# my new song



## nicecomposer (Aug 9, 2012)

This is a work in progress. I want to know if it's too crappy right now.


__
https://soundcloud.com/bleurgen%2Fthe-fall-of-the-giant-ground

Honesty is appreciated


----------



## beetzart (Dec 30, 2009)

I liked it. You have a sound base on which to extend and develop it, if that is your intention of course.


----------



## StevenOBrien (Jun 27, 2011)

Excellent! Definitely continue working on it. It sounds like it's very much inspired by certain film/TV scores. Also, it's not a song, there's no singing in it, call it a piece instead (I know this might seem a little nitpicky, but calling a piece a song is like calling a semi-truck a car, calling a bottle a glass, calling a textbook a story etc.).


----------



## nicecomposer (Aug 9, 2012)

I remember one of my teachers at school telling me this, about songs and pieces. I don't totally agree though, because any piece can be sung (or at least an attempt can be made), and any vocal part of a song can be adapted to non-voice instruments (but without lyrics, if there were any). Does a song stop being a song when the vocal part is replaced by a clarinet? 
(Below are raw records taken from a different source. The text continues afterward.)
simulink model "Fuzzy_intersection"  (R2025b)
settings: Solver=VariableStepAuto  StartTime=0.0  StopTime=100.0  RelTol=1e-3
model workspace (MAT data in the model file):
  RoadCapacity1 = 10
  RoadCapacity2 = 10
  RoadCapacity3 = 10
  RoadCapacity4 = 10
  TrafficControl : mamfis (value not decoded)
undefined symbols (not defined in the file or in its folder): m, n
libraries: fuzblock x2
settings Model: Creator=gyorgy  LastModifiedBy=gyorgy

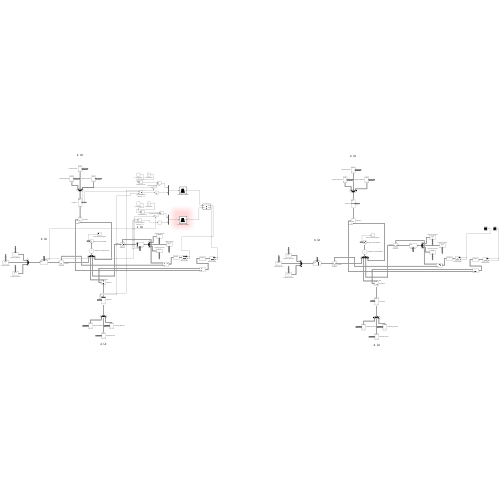
[thumbnail: Simulink's stored preview of the top-level diagram]
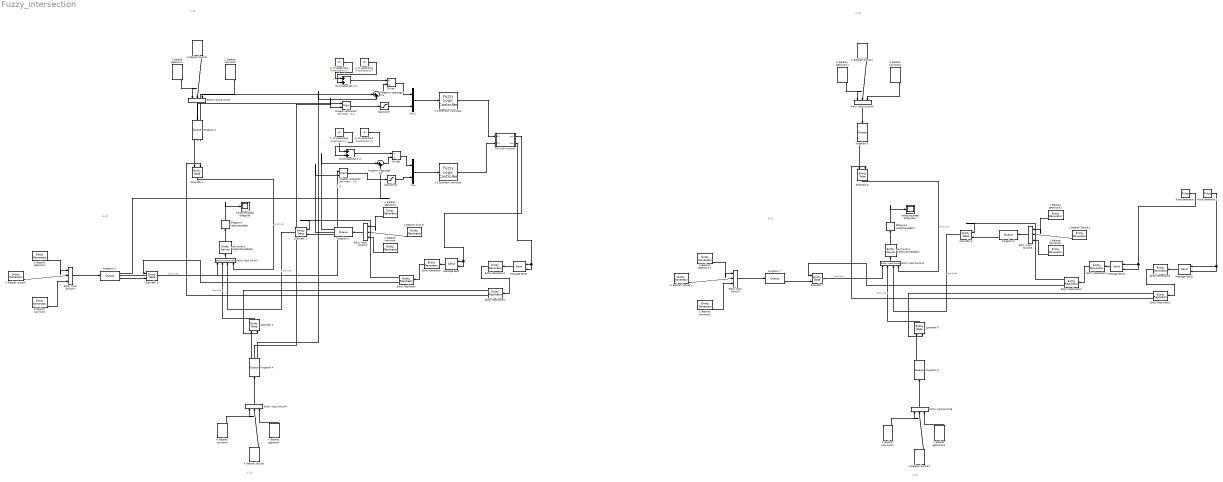
== system Fuzzy_intersection ==
  note: 1. Út
  note: 2. Út
  note: 3. Út
  note: 4. Út
  note: 3. Út
  note: 2. Út
  note: 4. Út
  1-3 Szemafor irányítása : fuzblock/Fuzzy Logic  Controller  FIS=TrafficControl  OutputSampleNumber=101  DataType=double  UseLookupTable=off  NumBreakpoints=10  FuzzifiedInputs=off  RuleFiringStrengths=off  RuleOutputs=off  AggregatedOutputs=off  SimulateUsing=Interpreted execution  OutOfRangeInputValueMessage=warning  NoRuleFiredMessage=warning  EmptyOutputFuzzySetMessage=warning
  1. Bejárat: buszok : EntityGenerator  OutputPortMessageModes=n,n,n,m  TimeSource=MATLAB action  IntergenerationTimeAction=|  GenerateEntityAtSimulationStart=off  GenerateAction=|  AttributeName=Utasok  NumberEntitiesDeparted=on  PendingEntityInBlock=on  AverageIntergenerationTime=on  EntityType=Structured  EntityTypeName=Jarmu
      | persistent rngInit;
      | if isempty(rngInit)
      |     seed = 11111;
      |     rng(seed);
      |     rngInit = true;
      | end
      | a = 1;
      | b = 20;
      | dt = a + (b-a).*rand(1,1);
      | persistent rngInit;
      | if isempty(rngInit)
      |     seed = 11111;
      |     rng(seed);
      |     rngInit = true;
      | end
      | 
      | % Pattern: Gaussian (normal) distribution
      | % m: Mean, d: Standard deviation
      | minpassengers = 1;
      | maxpassengers = 60;
      | m = 0; d = 0.2;
      | entity.Utasok = minpassengers + round((maxpassengers-minpassengers) * abs(m + d * randn));
      settings: OutputPortMap=o0,o1,o2,o3
  1. Bejárat: buszok1 : EntityGenerator  OutputPortMessageModes=n,n,n,m  TimeSource=MATLAB action  IntergenerationTimeAction=|  GenerateEntityAtSimulationStart=off  GenerateAction=|  AttributeName=Utasok  NumberEntitiesDeparted=on  PendingEntityInBlock=on  AverageIntergenerationTime=on  EntityType=Structured  EntityTypeName=Jarmu
      | persistent rngInit;
      | if isempty(rngInit)
      |     seed = 11111;
      |     rng(seed);
      |     rngInit = true;
      | end
      | a = 1;
      | b = 20;
      | dt = a + (b-a).*rand(1,1);
      | persistent rngInit;
      | if isempty(rngInit)
      |     seed = 11111;
      |     rng(seed);
      |     rngInit = true;
      | end
      | 
      | % Pattern: Gaussian (normal) distribution
      | % m: Mean, d: Standard deviation
      | minpassengers = 1;
      | maxpassengers = 60;
      | m = 0; d = 0.2;
      | entity.Utasok = minpassengers + round((maxpassengers-minpassengers) * abs(m + d * randn));
      settings: OutputPortMap=o0,o1,o2,o3
  1. Bejárat: gépkocsik : EntityGenerator  OutputPortMessageModes=n,n,n,m  TimeSource=MATLAB action  Period=0.1  IntergenerationTimeAction=|  GenerateEntityAtSimulationStart=off  GenerateAction=|  AttributeName=Utasok  NumberEntitiesDeparted=on  PendingEntityInBlock=on  AverageIntergenerationTime=on  EntityType=Structured  EntityTypeName=Jarmu
      | persistent rngInit;
      | if isempty(rngInit)
      |     seed = 11111;
      |     rng(seed);
      |     rngInit = true;
      | end
      | a = 1;
      | b = 5;
      | dt = a + (b-a).*rand(1,1);
      | persistent rngInit;
      | if isempty(rngInit)
      |     seed = 11111;
      |     rng(seed);
      |     rngInit = true;
      | end
      | 
      | % Pattern: Gaussian (normal) distribution
      | % m: Mean, d: Standard deviation
      | minpassengers = 1;
      | maxpassengers = 5;
      | m = 0; d = 0.2;
      | entity.Utasok = minpassengers + round((maxpassengers-minpassengers) * abs(m + d * randn));
      settings: OutputPortMap=o0,o1,o2,o3
  1. Bejárat: gépkocsik1 : EntityGenerator  OutputPortMessageModes=n,n,n,m  TimeSource=MATLAB action  Period=0.1  IntergenerationTimeAction=|  GenerateEntityAtSimulationStart=off  GenerateAction=|  AttributeName=Utasok  NumberEntitiesDeparted=on  PendingEntityInBlock=on  AverageIntergenerationTime=on  EntityType=Structured  EntityTypeName=Jarmu
      | persistent rngInit;
      | if isempty(rngInit)
      |     seed = 11111;
      |     rng(seed);
      |     rngInit = true;
      | end
      | a = 1;
      | b = 5;
      | dt = a + (b-a).*rand(1,1);
      | persistent rngInit;
      | if isempty(rngInit)
      |     seed = 11111;
      |     rng(seed);
      |     rngInit = true;
      | end
      | 
      | % Pattern: Gaussian (normal) distribution
      | % m: Mean, d: Standard deviation
      | minpassengers = 1;
      | maxpassengers = 5;
      | m = 0; d = 0.2;
      | entity.Utasok = minpassengers + round((maxpassengers-minpassengers) * abs(m + d * randn));
      settings: OutputPortMap=o0,o1,o2,o3
  1. Bejárat: kamionok : EntityGenerator  OutputPortMessageModes=n,n,n,m  TimeSource=MATLAB action  IntergenerationTimeAction=|  GenerateEntityAtSimulationStart=off  GenerateAction=|  AttributeName=Utasok  NumberEntitiesDeparted=on  PendingEntityInBlock=on  AverageIntergenerationTime=on  EntityType=Structured  EntityTypeName=Jarmu  DataInitialValue=1
      | persistent rngInit;
      | if isempty(rngInit)
      |     seed = 11111;
      |     rng(seed);
      |     rngInit = true;
      | end
      | a = 1;
      | b = 10;
      | dt = a + (b-a).*rand(1,1);
      | persistent rngInit;
      | if isempty(rngInit)
      |     seed = 11111;
      |     rng(seed);
      |     rngInit = true;
      | end
      | 
      | % Pattern: Gaussian (normal) distribution
      | % m: Mean, d: Standard deviation
      | minpassengers = 1;
      | maxpassengers = 2;
      | m = 0; d = 0.2;
      | entity.Utasok = minpassengers + round((maxpassengers-minpassengers) * abs(m + d * randn));
      settings: OutputPortMap=o0,o1,o2,o3
  1. Bejárat: kamionok1 : EntityGenerator  OutputPortMessageModes=n,n,n,m  TimeSource=MATLAB action  IntergenerationTimeAction=|  GenerateEntityAtSimulationStart=off  GenerateAction=|  AttributeName=Utasok  NumberEntitiesDeparted=on  PendingEntityInBlock=on  AverageIntergenerationTime=on  EntityType=Structured  EntityTypeName=Jarmu  DataInitialValue=1
      | persistent rngInit;
      | if isempty(rngInit)
      |     seed = 11111;
      |     rng(seed);
      |     rngInit = true;
      | end
      | a = 1;
      | b = 10;
      | dt = a + (b-a).*rand(1,1);
      | persistent rngInit;
      | if isempty(rngInit)
      |     seed = 11111;
      |     rng(seed);
      |     rngInit = true;
      | end
      | 
      | % Pattern: Gaussian (normal) distribution
      | % m: Mean, d: Standard deviation
      | minpassengers = 1;
      | maxpassengers = 2;
      | m = 0; d = 0.2;
      | entity.Utasok = minpassengers + round((maxpassengers-minpassengers) * abs(m + d * randn));
      settings: OutputPortMap=o0,o1,o2,o3
  "1. út kapacitása " : Constant  Value=RoadCapacity1
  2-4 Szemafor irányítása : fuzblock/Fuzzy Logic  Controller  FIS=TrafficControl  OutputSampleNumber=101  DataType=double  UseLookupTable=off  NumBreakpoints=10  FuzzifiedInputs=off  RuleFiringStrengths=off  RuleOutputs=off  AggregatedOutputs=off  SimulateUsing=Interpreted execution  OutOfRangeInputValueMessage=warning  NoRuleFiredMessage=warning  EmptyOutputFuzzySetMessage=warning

I think the word song is good enough for music with or without vocals.


----------



## StevenOBrien (Jun 27, 2011)

nicecomposer said:


> I remember one of my teachers at school telling me this, about songs and pieces. I don't totally agree though, because any piece can be sung (or at least an attempt can be made), and any vocal part of a song can be adapted to non-voice instruments (but without lyrics, if there were any). Does a song stop being a song when the vocal part is replaced by a clarinet?
> 
> I think the word song is good enough for music with or without vocals.


A truck can technically solely carry passengers, a textbook can technically tell a story .


----------